# "The Legend of bruce Lee" (2008)



## Michael89 (Feb 8, 2014)

First of all, I'd like to say I have huge respect for Jeet Kune Do. I just watching it yesterday and I'm on episode 16. My question for anyone who watch this show. I want to know what is a fictional or what didn't happened in Bruce Lee's life?


----------



## Transk53 (Feb 23, 2014)

Michael89 said:


> First of all, I'd like to say I have huge respect for Jeet Kune Do. I just watching it yesterday and I'm on episode 16. My question for anyone who watch this show. I want to know what is a fictional or what didn't happened in Bruce Lee's life?



Thanks for at least highlighting the series. Think I'll buy that series.


----------



## wingchun100 (Mar 6, 2014)

Michael89 said:


> First of all, I'd like to say I have huge respect for Jeet Kune Do. I just watching it yesterday and I'm on episode 16. My question for anyone who watch this show. I want to know what is a fictional or what didn't happened in Bruce Lee's life?

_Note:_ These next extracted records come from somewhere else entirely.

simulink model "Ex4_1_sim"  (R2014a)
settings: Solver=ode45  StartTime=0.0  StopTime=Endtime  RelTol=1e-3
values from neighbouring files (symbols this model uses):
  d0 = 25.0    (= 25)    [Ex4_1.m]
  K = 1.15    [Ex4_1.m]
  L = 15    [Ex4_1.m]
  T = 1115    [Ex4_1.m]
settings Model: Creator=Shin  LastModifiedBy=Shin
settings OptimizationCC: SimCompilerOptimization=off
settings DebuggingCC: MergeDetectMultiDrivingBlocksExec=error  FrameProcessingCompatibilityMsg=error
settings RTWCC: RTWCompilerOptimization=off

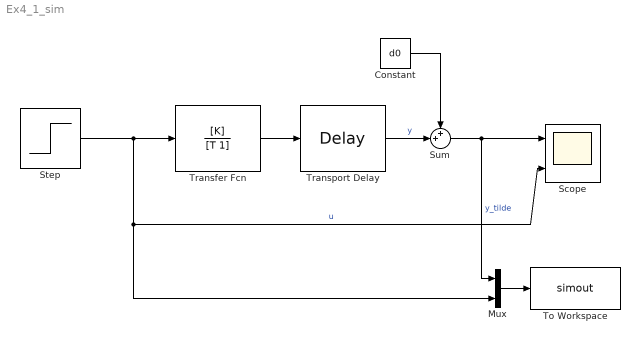
== system Ex4_1_sim ==
  Constant : Constant  Value=d0
  Mux : Mux  Inputs=2
  Scope : Scope  NumInputPorts=2
      settings: YMin=25~0  YMax=65~350
  Step : Step  Time=5  After=u  SampleTime=0
  Sum : Sum  Inputs=++|
  To Workspace : ToWorkspace  VariableName=simout  SaveFormat=Timeseries  SampleTime=-1
  Transfer Fcn : TransferFcn  Numerator=[K]  Denominator=[T 1]
  Transport Delay : TransportDelay  DelayTime=L
  wires:
  Transfer Fcn/1 -> Transport Delay/1
  Constant/1 -> Sum/1
  Transport Delay/1 -> Sum/2  "y"
  Sum/1 -> Scope/1, Mux/1  "y_tilde"
  Step/1 -> Mux/2, Scope/2, Transfer Fcn/1  "u"
  Mux/1 -> To Workspace/1

Is that the long-running TV series they produced in Hong Kong? I have yet to catch that.


----------



## Transk53 (Mar 13, 2014)

wingchun100 said:


> Is that the long-running TV series they produced in Hong Kong? I have yet to catch that.



Clicky


----------



## wingchun100 (Mar 13, 2014)

Transk53 said:


> Clicky



Yep, that is exactly the one I thought it was.


----------



## FizzyCal (May 5, 2014)

Just like the title says,  "legends". These episodes are made for entertainment not biographical.


----------